### Task statement
Only the line containing "unnamed: Q6.3 (C), R20.1, R22.2" and those after it, up to the end of the records below, are to be set down, exactly as written.

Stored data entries
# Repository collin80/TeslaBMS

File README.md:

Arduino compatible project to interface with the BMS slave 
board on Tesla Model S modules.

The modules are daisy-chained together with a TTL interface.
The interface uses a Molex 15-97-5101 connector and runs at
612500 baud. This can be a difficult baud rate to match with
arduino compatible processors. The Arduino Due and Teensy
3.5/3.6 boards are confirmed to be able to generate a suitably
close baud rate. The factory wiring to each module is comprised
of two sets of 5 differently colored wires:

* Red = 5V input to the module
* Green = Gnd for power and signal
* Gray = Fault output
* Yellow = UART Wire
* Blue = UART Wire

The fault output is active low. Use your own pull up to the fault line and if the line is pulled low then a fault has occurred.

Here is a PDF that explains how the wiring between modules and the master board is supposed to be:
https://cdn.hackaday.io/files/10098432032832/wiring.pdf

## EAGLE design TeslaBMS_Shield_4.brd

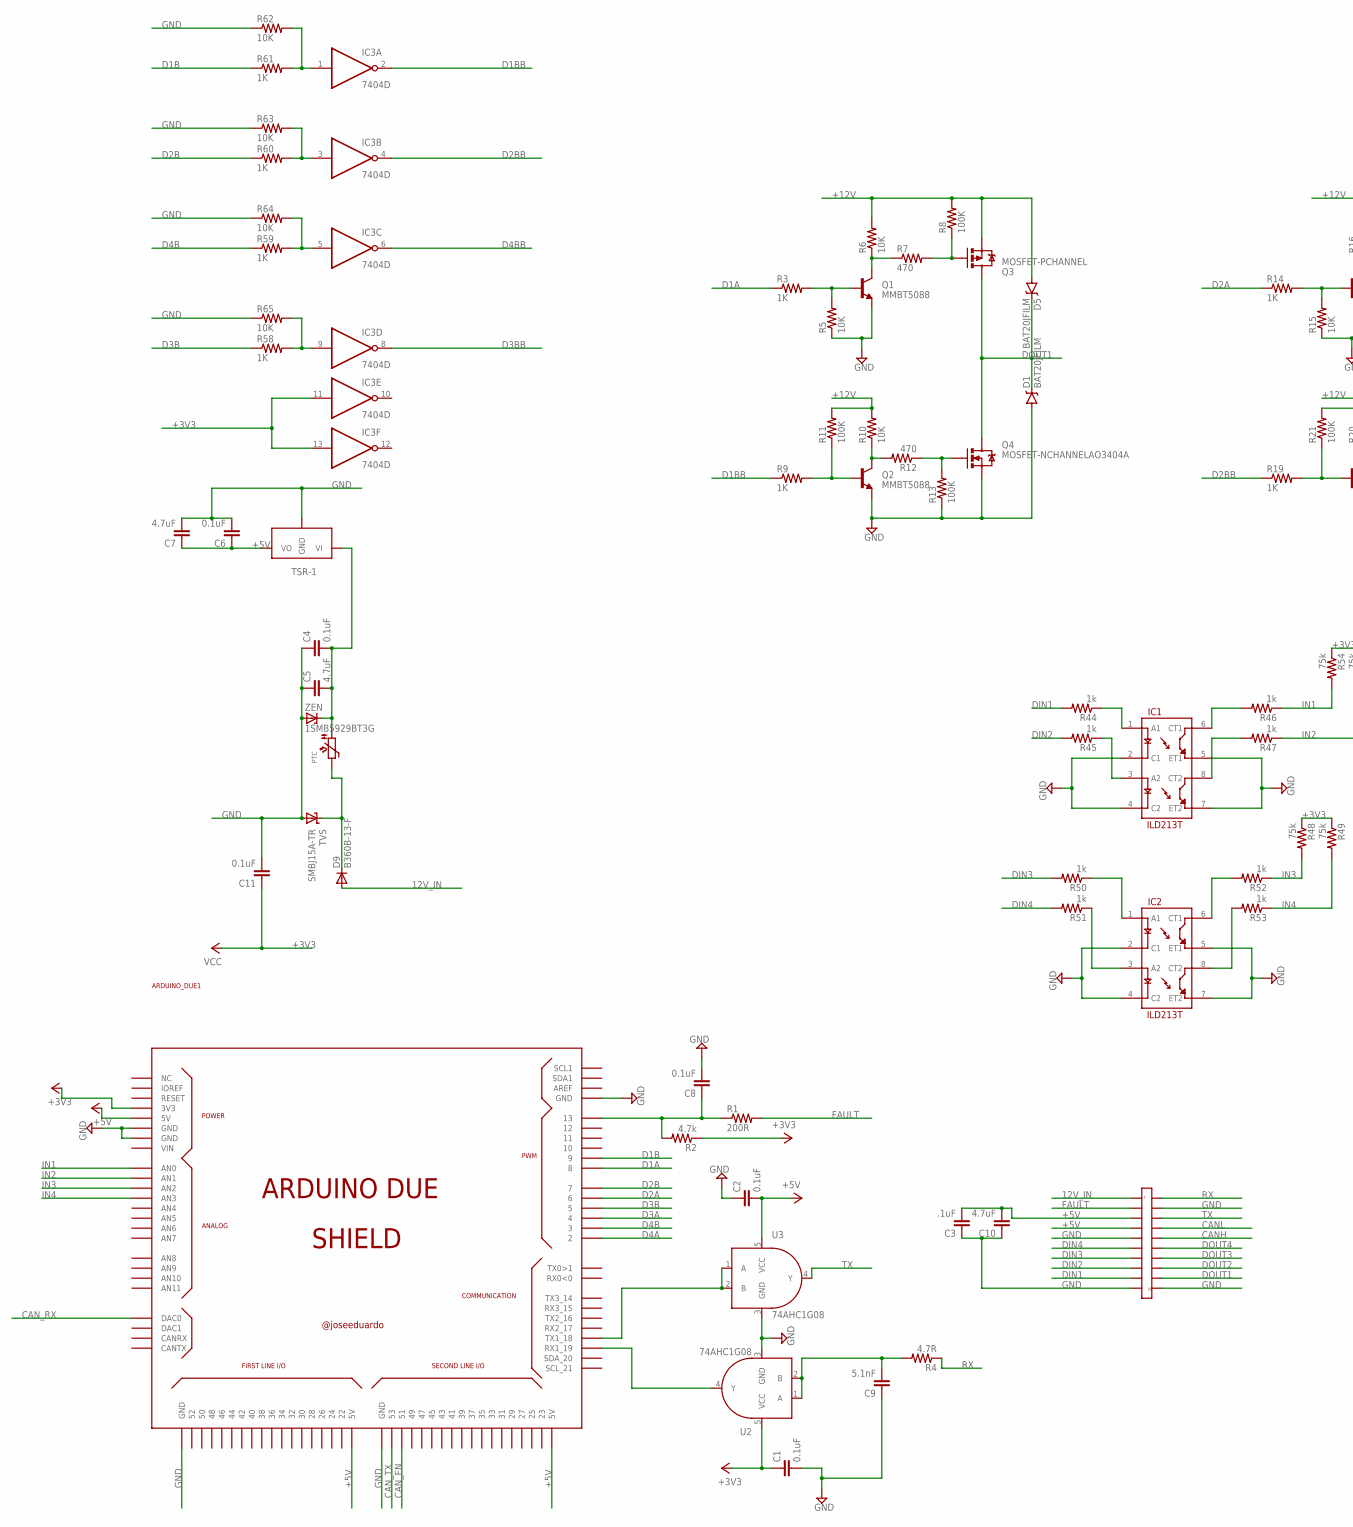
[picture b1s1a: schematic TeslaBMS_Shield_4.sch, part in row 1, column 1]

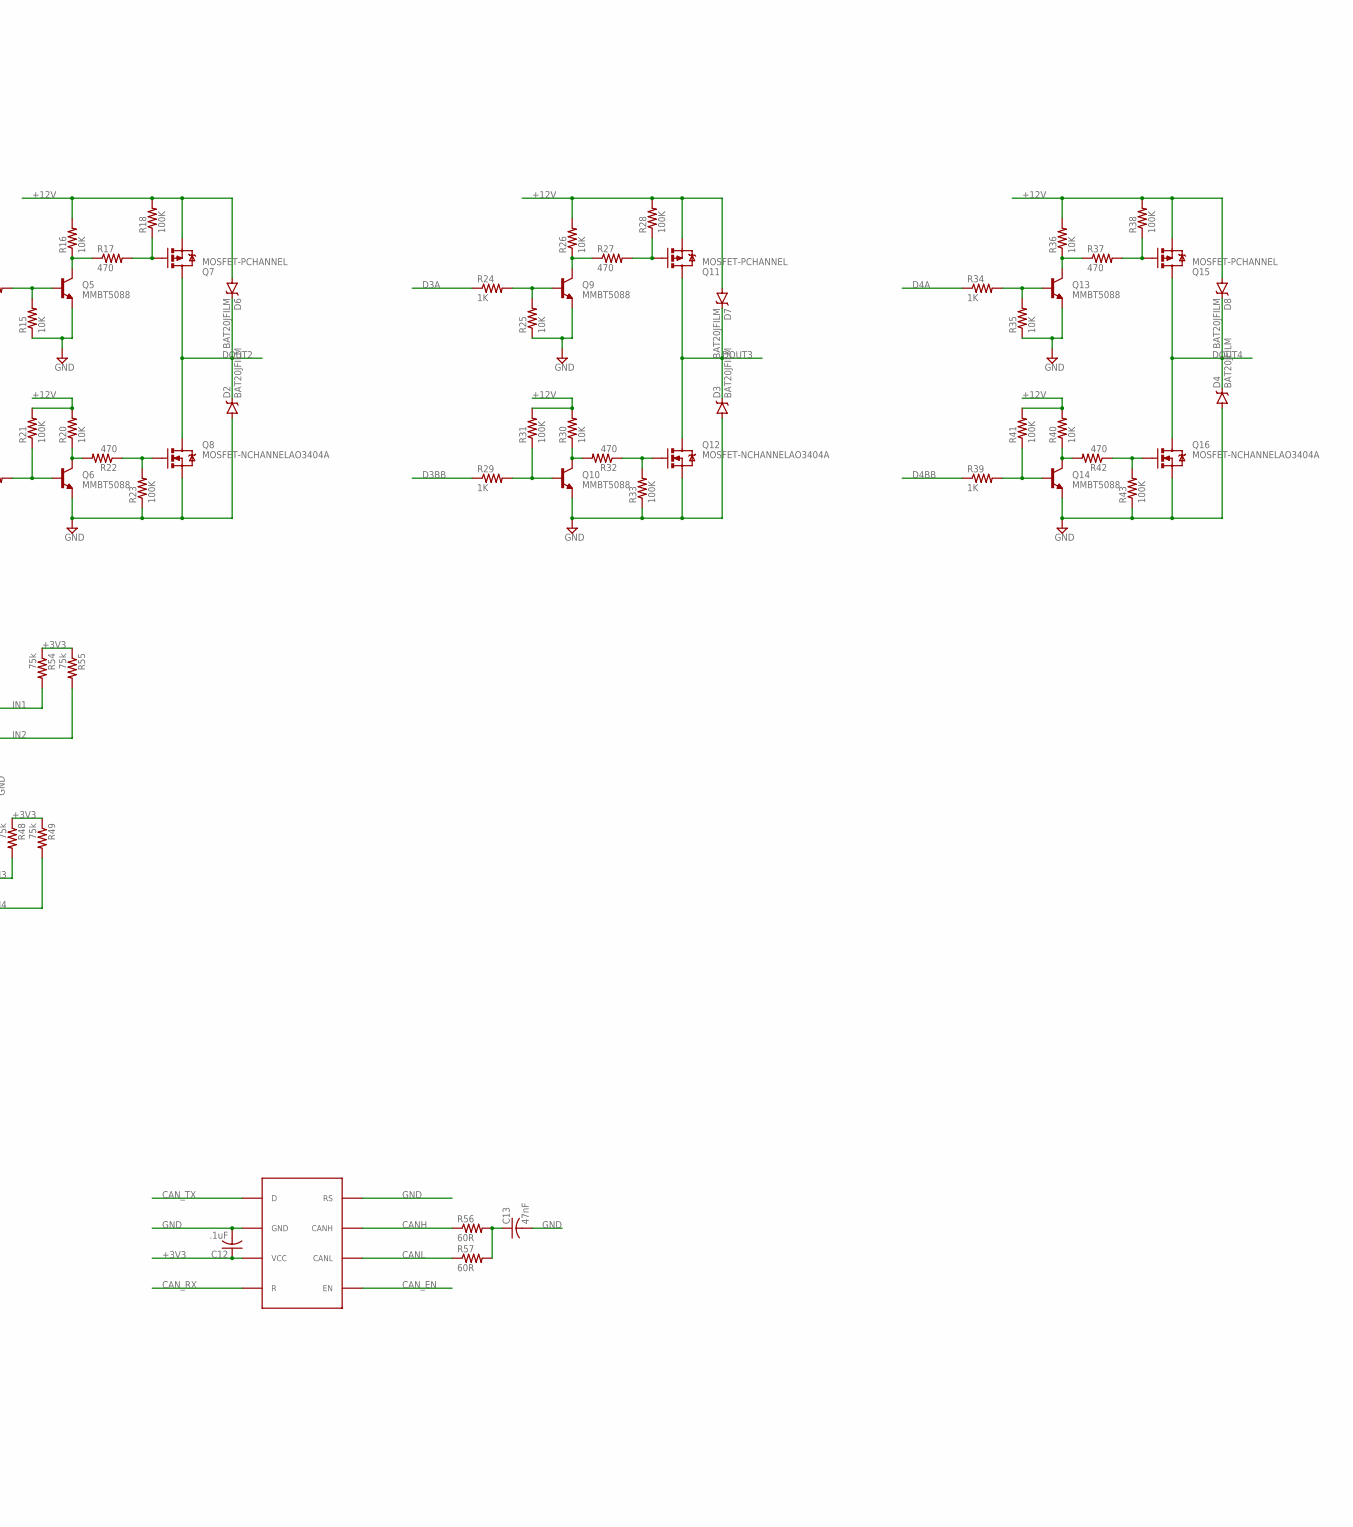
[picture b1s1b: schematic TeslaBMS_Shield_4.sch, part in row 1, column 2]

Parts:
ARDUINO_DUE1: ARDUINO_DUE_SHIELD
C1, C2, C8: 0.1uF; 0603-CAP
C3: .1uF; 0603-CAP
C4, C6, C11: 0.1uF; 0805
C5, C7: 4.7uF; 0805
C9: 5.1nF; 0603-CAP
C10: 4.7uF; 0603-CAP
C12: .1uF; C0603
C13: 47nF; C0805
D1, D2, D3, D4, D5, D6, D7, D8: BAT20JFILM; SOD-323
D9: B360B-13-F; SMB
IC1, IC2: ILD213T; SO08
IC3: 7404D; SO14
PTC: PTC1812
Q1, Q2, Q5, Q6, Q9, Q10, Q13, Q14: MMBT5088; SOT23-3
Q3, Q7, Q11, Q15: MOSFET-PCHANNEL; SOT23-3
Q4, Q8, Q12, Q16: MOSFET-NCHANNELAO3404A; SOT23-3
R1: 200R; 0603-RES
R2: 4.7k; 0603-RES
R3, R9, R14, R19, R24, R29, R34, R39, R58, R59, R60, R61: 1K; 0402-RES
R4: 4.7R; 0603-RES
R5, R6, R10, R15, R16, R20, R25, R26, R30, R35, R36, R40, R62, R63, R64, R65: 10K; 0402-RES
R7, R12, R17, R22, R27, R32, R37, R42: 470; 0402-RES
R8, R11, R13, R18, R21, R23, R28, R31, R33, R38, R41, R43: 100K; 0402-RES
R44, R45, R46, R47, R50, R51, R52, R53: 1k; 0603-RES
R48, R49, R54, R55: 75k; 0603-RES
R56, R57: 60R; M0805
TVS: SMBJ15A-TR; SMBJ
U1: SN65HVD234; SOIC8
U2, U3: 74AHC1G08; SOT353
U9: TSR-1
U$2: VAL-U-LOK-20PIN; VALULOK-20
ZEN: 1SMB5929BT3G; SMB

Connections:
12V_IN: D9.A, U$2.P$1
+3V3: ARDUINO_DUE1.3V3, C1.1, C11.1, C12.1, IC3.11 (I), IC3.13 (I), IC3.14 (VCC), R2.1, R48.1, R49.1, R54.1, R55.1, U1.PIN3 (VCC), U2.5 (VCC)
+5V: ARDUINO_DUE1.5V0 (5V), ARDUINO_DUE1.5V0_1 (5V), ARDUINO_DUE1.5V0_2 (5V), C2.2, C3.2, C6.1, C7.1, C10.2, U3.5 (VCC), U9.P$3 (VO), U$2.P$3, U$2.P$4
+12V: C4.2, C5.2, D5.A, D6.A, D7.A, D8.A, PTC.P$1 (1), Q3.2 (S), Q7.2 (S), Q11.2 (S), Q15.2 (S), R6.2, R8.2, R10.2, R11.2, R16.2, R18.2, R20.2, R21.2, R26.2, R28.2, R30.2, R31.2, R36.2, R38.2, R40.2, R41.2, U9.P$1 (VI), ZEN.C
CANH: R56.1, U1.PIN7 (CANH), U$2.P$15
CANL: R57.1, U1.PIN6 (CANL), U$2.P$14
CAN_EN: ARDUINO_DUE1.51, U1.PIN5 (EN)
CAN_RX: ARDUINO_DUE1.DAC0, U1.PIN4 (R)
CAN_TX: ARDUINO_DUE1.53, U1.PIN1 (D)
D1A: ARDUINO_DUE1.8, R3.1
D1B: ARDUINO_DUE1.9, R61.1
D1BB: IC3.2 (O), R9.1
D2A: ARDUINO_DUE1.6, R14.1
D2B: ARDUINO_DUE1.7, R60.1
D2BB: IC3.4 (O), R19.1
D3A: ARDUINO_DUE1.4, R24.1
D3B: ARDUINO_DUE1.5, R58.1
D3BB: IC3.8 (O), R29.1
D4A: ARDUINO_DUE1.2, R34.1
D4B: ARDUINO_DUE1.3, R59.1
D4BB: IC3.6 (O), R39.1
DIN1: R44.2, U$2.P$9
DIN2: R45.2, U$2.P$8
DIN3: R50.2, U$2.P$7
DIN4: R51.2, U$2.P$6
DOUT1: D1.C, D5.C, Q3.3 (D), Q4.3 (D), U$2.P$19
DOUT2: D2.C, D6.C, Q7.3 (D), Q8.3 (D), U$2.P$18
DOUT3: D3.C, D7.C, Q11.3 (D), Q12.3 (D), U$2.P$17
DOUT4: D4.C, D8.C, Q15.3 (D), Q16.3 (D), U$2.P$16
FAULT: R1.2, U$2.P$2
GND: ARDUINO_DUE1.GND, ARDUINO_DUE1.GND_1 (GND), ARDUINO_DUE1.GND_2 (GND), ARDUINO_DUE1.GND_3 (GND), ARDUINO_DUE1.GND_4 (GND), C1.2, C2.1, C3.1, C4.1, C5.1, C6.2, C7.2, C8.2, C9.1, C10.1, C11.2, C12.2, C13.2, D1.A, D2.A, D3.A, D4.A, IC1.2 (C1), IC1.4 (C2), IC1.5 (ET1), IC1.7 (ET2), IC2.2 (C1), IC2.4 (C2), IC2.5 (ET1), IC2.7 (ET2), IC3.7 (GND), Q1.2 (E), Q2.2 (E), Q4.2 (S), Q5.2 (E), Q6.2 (E), Q8.2 (S), Q9.2 (E), Q10.2 (E), Q12.2 (S), Q13.2 (E), Q14.2 (E), Q16.2 (S), R5.1, R13.1, R15.1, R23.1, R25.1, R33.1, R35.1, R43.1, R62.1, R63.1, R64.1, R65.1, TVS.A, U1.PIN2 (GND), U1.PIN8 (RS), U2.3 (GND), U3.3 (GND), U9.P$2 (GND), U$2.P$5, U$2.P$10, U$2.P$12, U$2.P$20, ZEN.A
IN1: ARDUINO_DUE1.A0 (AN0), R46.1, R54.2
IN2: ARDUINO_DUE1.A1 (AN1), R47.1, R55.2
IN3: ARDUINO_DUE1.A2 (AN2), R48.2, R52.1
IN4: ARDUINO_DUE1.A3 (AN3), R49.2, R53.1
unnamed: D9.C, PTC.P$2 (2), TVS.C
unnamed: ARDUINO_DUE1.19 (RX1_19), U2.4 (Y)
unnamed: ARDUINO_DUE1.18 (TX1_18), U3.1 (A), U3.2 (B)
unnamed: Q1.1 (B), R3.2, R5.2
unnamed: Q3.1 (G), R7.2, R8.1
unnamed: IC1.3 (A2), R45.1
unnamed: ARDUINO_DUE1.13, C8.1, R1.1, R2.2
unnamed: Q1.3 (C), R6.1, R7.1
unnamed: C9.2, R4.2, U2.1 (A), U2.2 (B)
unnamed: Q5.1 (B), R14.2, R15.2
unnamed: Q2.1 (B), R9.2, R11.1
unnamed: Q4.1 (G), R12.1, R13.2
unnamed: Q2.3 (C), R10.1, R12.2
unnamed: Q5.3 (C), R16.1, R17.1
unnamed: Q7.1 (G), R17.2, R18.1
unnamed: Q6.1 (B), R19.2, R21.1
unnamed: Q8.1 (G), R22.1, R23.2
unnamed: Q6.3 (C), R20.1, R22.2
unnamed: Q9.1 (B), R24.2, R25.2
unnamed: Q9.3 (C), R26.1, R27.1
unnamed: Q11.1 (G), R27.2, R28.1
unnamed: Q10.1 (B), R29.2, R31.1
unnamed: Q12.1 (G), R32.1, R33.2
unnamed: Q10.3 (C), R30.1, R32.2
unnamed: Q13.1 (B), R34.2, R35.2
unnamed: Q13.3 (C), R36.1, R37.1
unnamed: Q15.1 (G), R37.2, R38.1
unnamed: Q14.1 (B), R39.2, R41.1
unnamed: Q16.1 (G), R42.1, R43.2
unnamed: Q14.3 (C), R40.1, R42.2
unnamed: IC1.1 (A1), R44.1
unnamed: IC2.6 (CT1), R52.2
unnamed: C13.1, R56.2, R57.2
unnamed: IC3.9 (I), R58.2, R65.2
unnamed: IC3.5 (I), R59.2, R64.2
unnamed: IC2.8 (CT2), R53.2
unnamed: IC1.6 (CT1), R46.2
unnamed: IC1.8 (CT2), R47.2
unnamed: IC3.3 (I), R60.2, R63.2
unnamed: IC3.1 (I), R61.2, R62.2
unnamed: IC2.1 (A1), R50.1
unnamed: IC2.3 (A2), R51.1
RX: R4.1, U$2.P$11
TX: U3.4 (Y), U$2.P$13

### Answer to the exercise
unnamed: Q6.3 (C), R20.1, R22.2
unnamed: Q9.1 (B), R24.2, R25.2
unnamed: Q9.3 (C), R26.1, R27.1
unnamed: Q11.1 (G), R27.2, R28.1
unnamed: Q10.1 (B), R29.2, R31.1
unnamed: Q12.1 (G), R32.1, R33.2
unnamed: Q10.3 (C), R30.1, R32.2
unnamed: Q13.1 (B), R34.2, R35.2
unnamed: Q13.3 (C), R36.1, R37.1
unnamed: Q15.1 (G), R37.2, R38.1
unnamed: Q14.1 (B), R39.2, R41.1
unnamed: Q16.1 (G), R42.1, R43.2
unnamed: Q14.3 (C), R40.1, R42.2
unnamed: IC1.1 (A1), R44.1
unnamed: IC2.6 (CT1), R52.2
unnamed: C13.1, R56.2, R57.2
unnamed: IC3.9 (I), R58.2, R65.2
unnamed: IC3.5 (I), R59.2, R64.2
unnamed: IC2.8 (CT2), R53.2
unnamed: IC1.6 (CT1), R46.2
unnamed: IC1.8 (CT2), R47.2
unnamed: IC3.3 (I), R60.2, R63.2
unnamed: IC3.1 (I), R61.2, R62.2
unnamed: IC2.1 (A1), R50.1
unnamed: IC2.3 (A2), R51.1
RX: R4.1, U$2.P$11
TX: U3.4 (Y), U$2.P$13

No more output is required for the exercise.